Подписав документ, Лавров снова обратился к Корзинкиной:
— Сегодня я просил Миронову зайти к вам. Вы спросите у нее, пожалуйста, не помнит ли она каких-либо характерных индивидуальных примет на теле ее сына? А вторую мать, Глазырину, мы, пожалуй, не будем запрашивать об этом — бессмысленно: она расспросит об этом свою невестку и чужие показания выдаст за свои. Это только собьет нас с толку. Если какие-то приметы есть и если Миронова верно назовет их, это будет уже кое-что, не правда ли, Александра Мироновна?..
II
Проверку положения в тресте нельзя было откладывать. Лавров позвонил в горком партии.
— Здравствуйте, товарищ Туманов. Мы хотим приступить к проверке того, как соблюдается законность в городском строительном тресте. Я хотел узнать, не поступали ли к вам какие-либо тревожные сигналы от рабочих этой организации?
— Положение в тресте мы знаем, — ответил заведующий промышленным отделом Туманов. — Недостатков там хватает. Вот займитесь проверкой, а потом посоветуемся. Надо предпринять что-то радикальное.
— В таком случае, у меня к вам, товарищ Туманов, будет просьба. Я хотел бы привлечь к этому делу и профсоюзных работников, причем не только из строительного треста, а и с других предприятий. Так, я полагаю, мы большего сумеем добиться.
— Пожалуй, — поддержал Туманов.
— Так не порекомендуете ли вы нам таких товарищей? Это дня на три, не больше.
Туманов немного подумал и назвал Лаврову фамилии нескольких профсоюзных активистов.
Договорившись с ними, Юрий Никифорович занялся составлением плана предстоящей проверки. Он перечитал имеющиеся в прокуратуре жалобы, дела, восстановил в памяти ряд положений из законодательства. «Остальное подскажут товарищи из профсоюза, — решил он. — Им многое виднее…»

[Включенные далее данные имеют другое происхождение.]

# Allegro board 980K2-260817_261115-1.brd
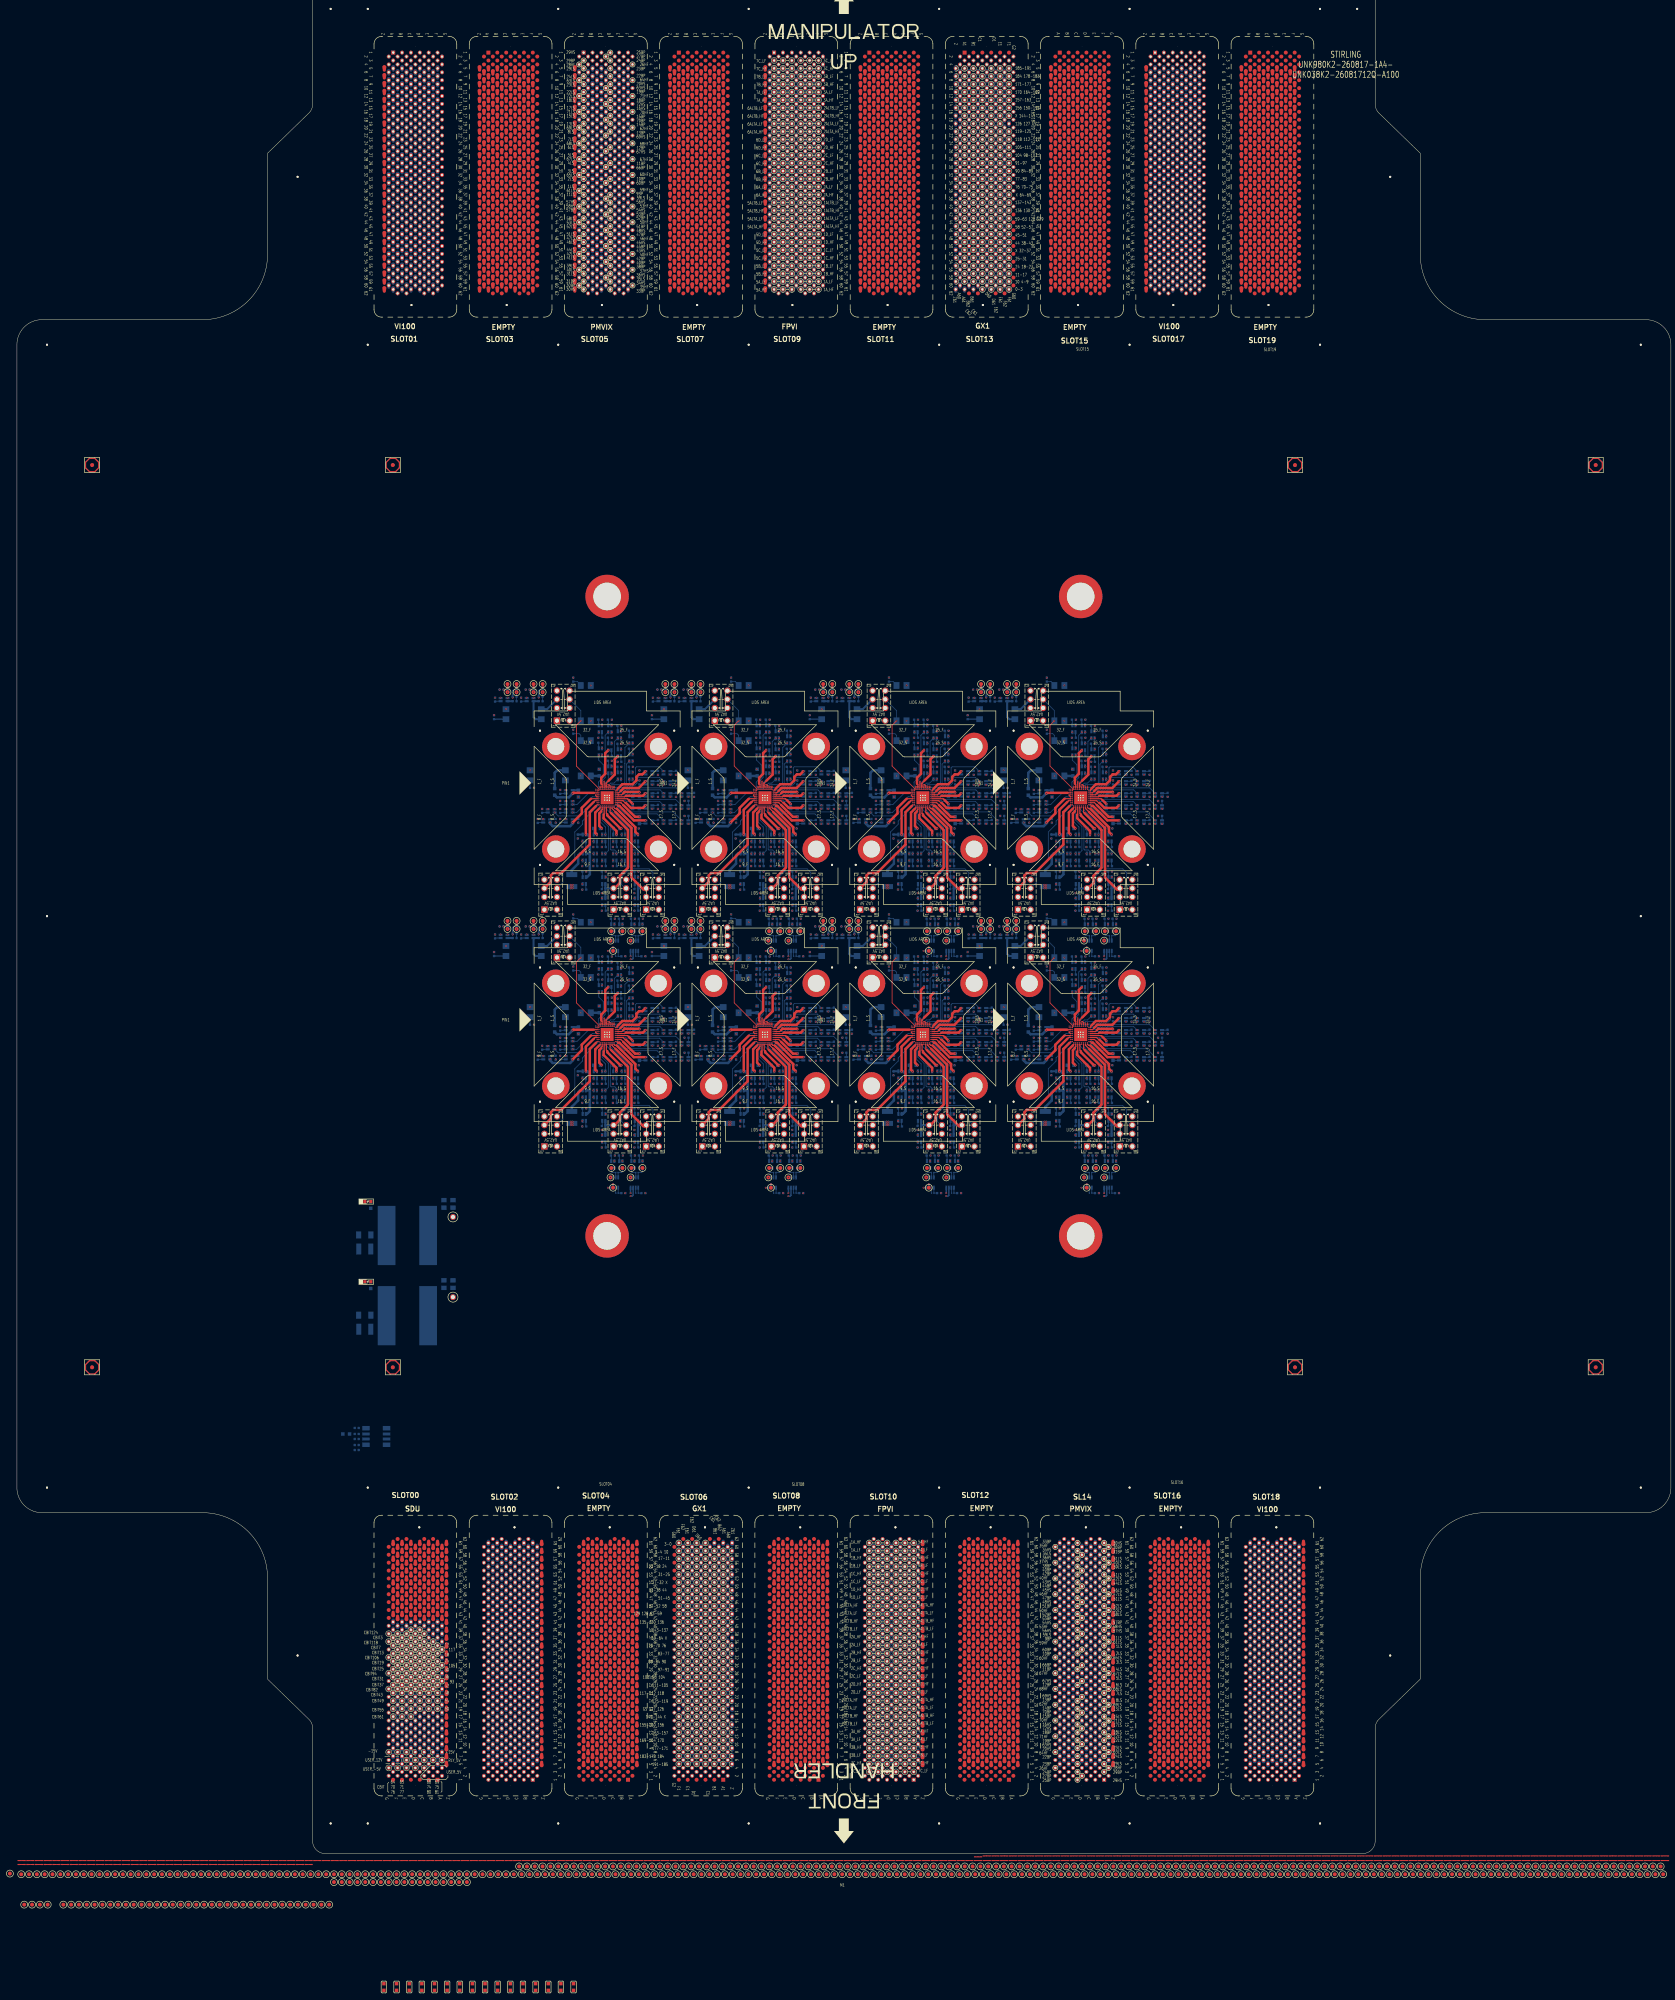
[diagram p0: board, top side]
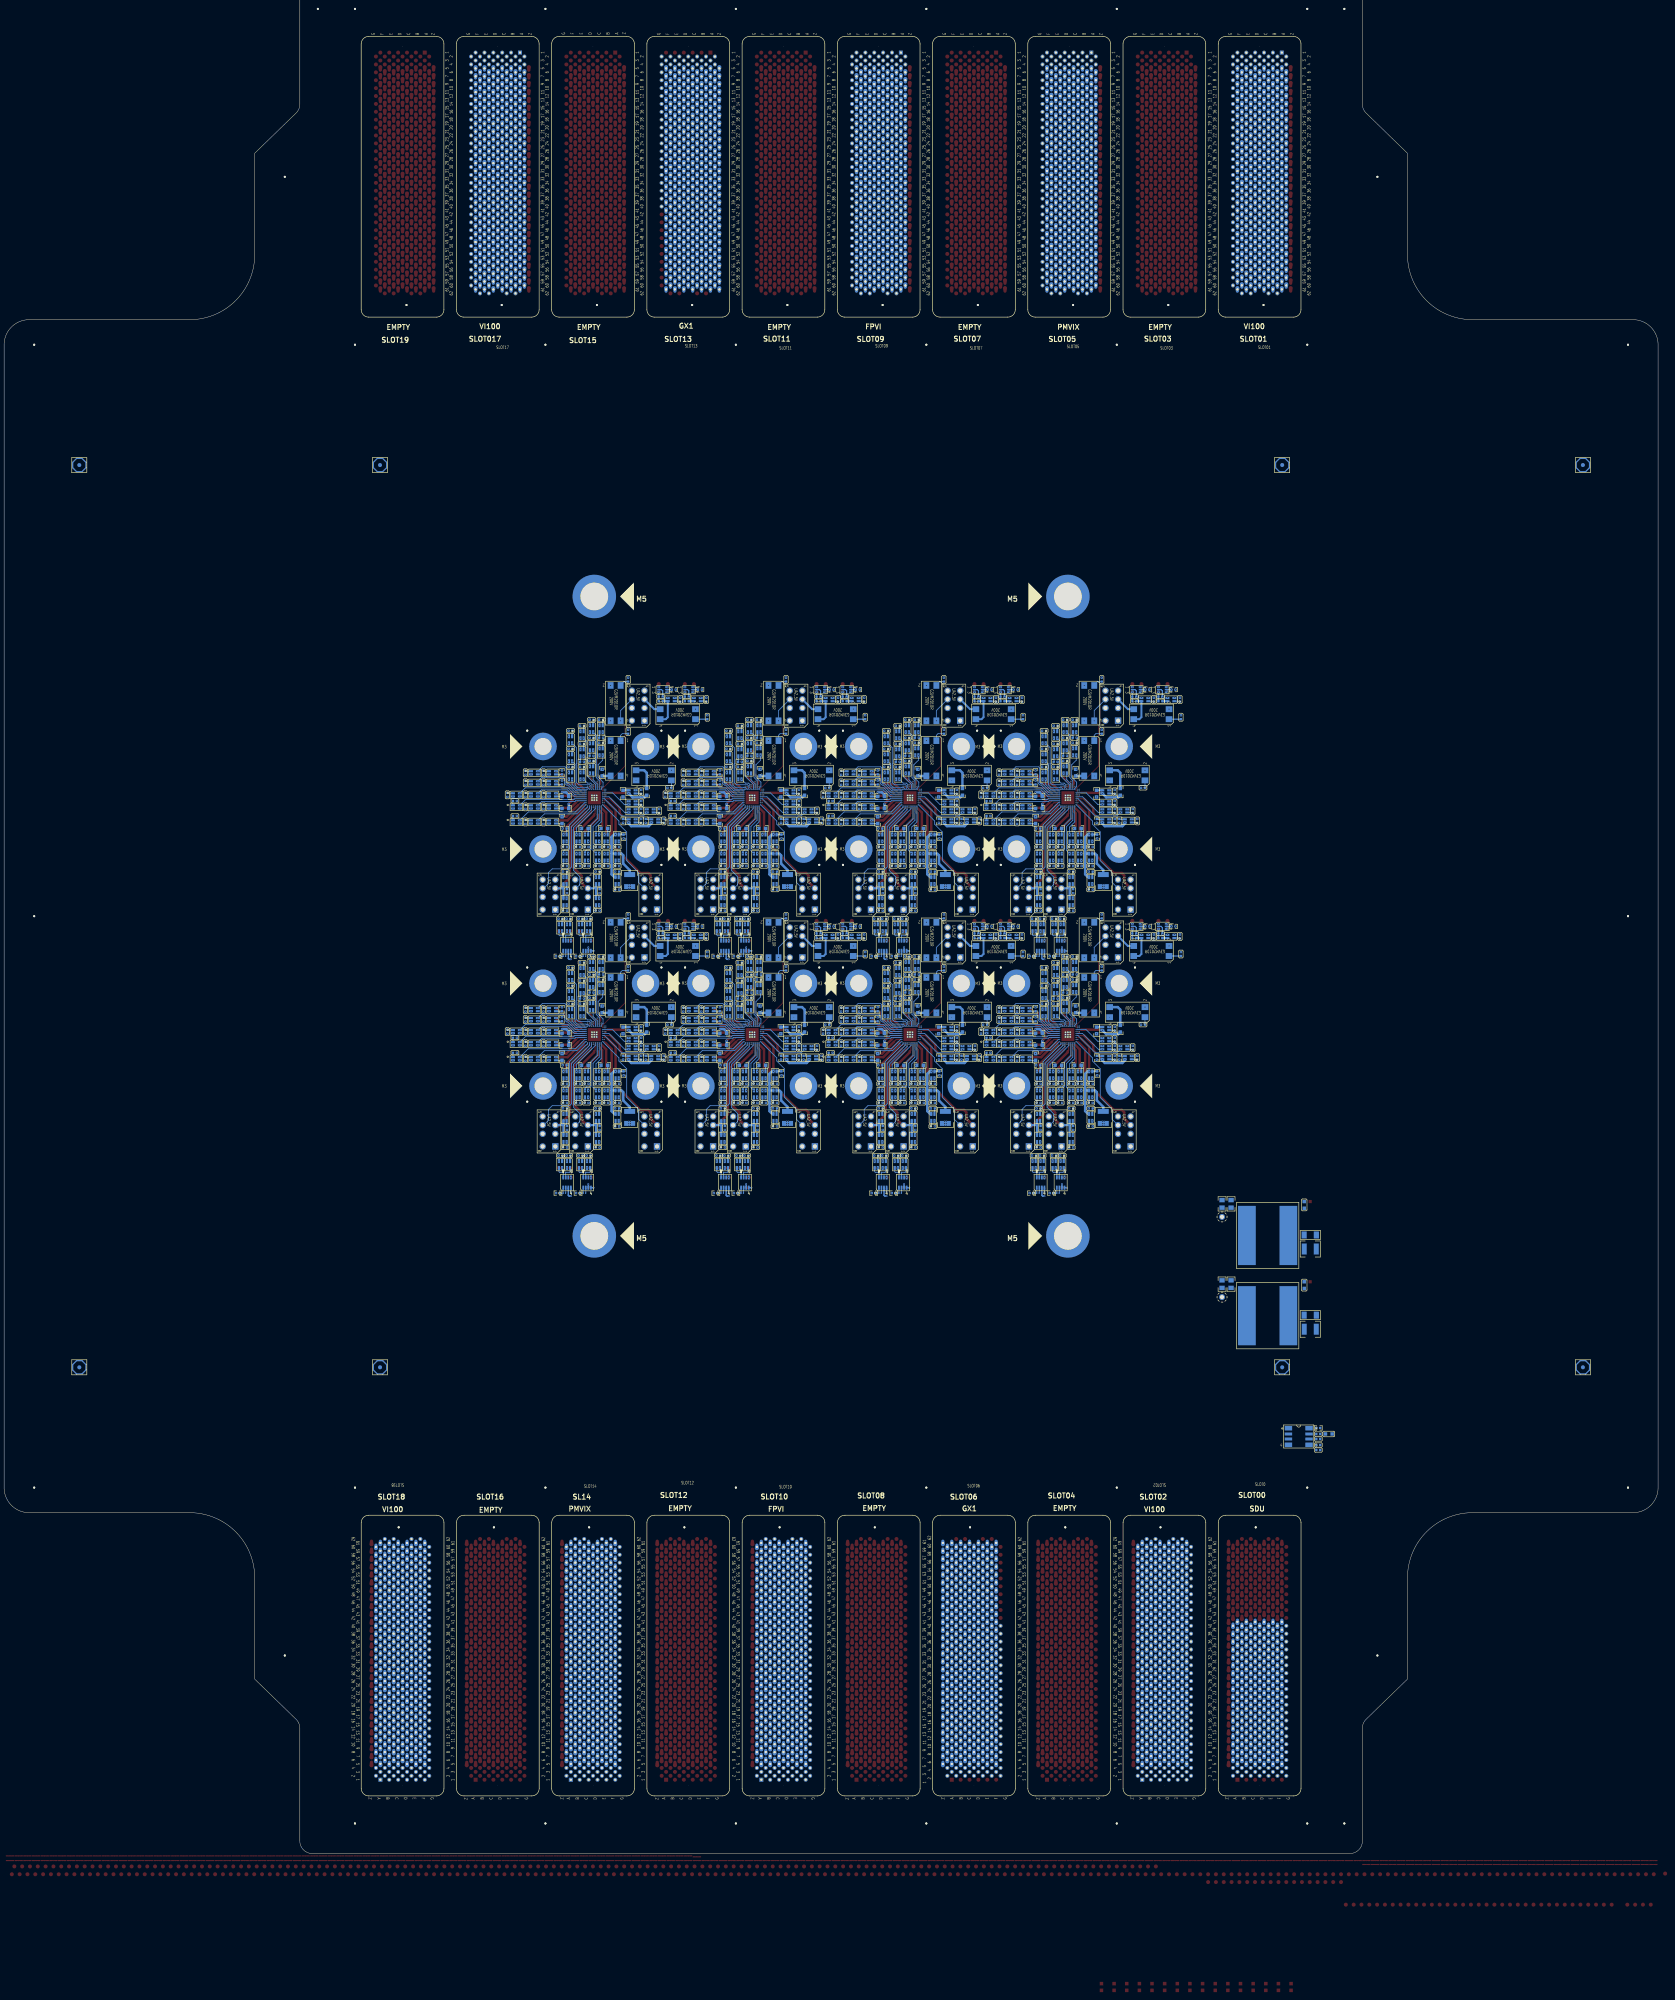
[diagram p1: board, bottom side, seen from below]

Outline 419.1 x 474.98 mm; copper layers: TOP, L02_GND, L03_DP, L04_GND, L05_DP, L06_GND, L07_VI, L08_GND, L09_VI, L10_GND, L11_VI, L12_GND, L13_VI, L14_GND, L15_5V, L16_5V, L17_C-BIT, L18_C-BIT, L19_GND, L20_VI, L21_GND, L22_VI, L23_GND, L24_VI, L25_GND, L26_VI, L27_GND, L28_DP, L29_GND, L30_DP, L31_GND, BOTTOM. Coordinates in mm from the lower left corner of the outline.

## Placement (name value [footprint] x y rotation side)
BC9  0.1U-50-X-S4-TDK  [C0402]  86.11 107.82 180 bottom
BR5  1K-1-S4  [R0402]  86.11 106.3 0 bottom
BR6  1K-1-S4  [R0402]  86.11 103.5 0 bottom
BR7  0-5-S6  [R0603]  83.44 106.3 180 bottom
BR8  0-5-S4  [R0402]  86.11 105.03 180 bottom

В десятом часу утра он был уже в строительном тресте и, познакомившись с управляющим, объяснил ему цель своего прихода.
— Очень приятно, — ответил Бессонов. — Садитесь, пожалуйста.
— Много жалоб на нарушение законности поступает к нам от ваших рабочих, — сразу начал Лавров.
— Жалобы? На нарушение законности? Какой законности? — недоумевал управляющий треста.
— Советской законности, — ответил Юрий Никифорович.
— Не-ет, таких фактов вы у меня не установите!
— Был бы очень рад, — заметил Лавров.
— А как и что будете проверять? — снова спросил Бессонов.
— Очевидно, товарищи скоро подойдут, вот мы вместе и обсудим план действий.
Кабинет у управляющего трестом был чрезвычайно просторен, с лепным потолком, стенами под дуб. На письменном столе красовался «антикварный» чернильный прибор с фигурками, позолоченными рапирами, теннисными ракетками и веслами. Бронзовые подсвечники, стаканчики и подносики являлись, видимо, приложением к уникальному прибору.
Вскоре подошли члены комиссий.
— Вы не знаете, — обратился Лавров к Бессонову, — секретарь парткома и председатель постройкома сейчас у себя?
— Должны быть у себя, — ответил Бессонов. — Я их вызову.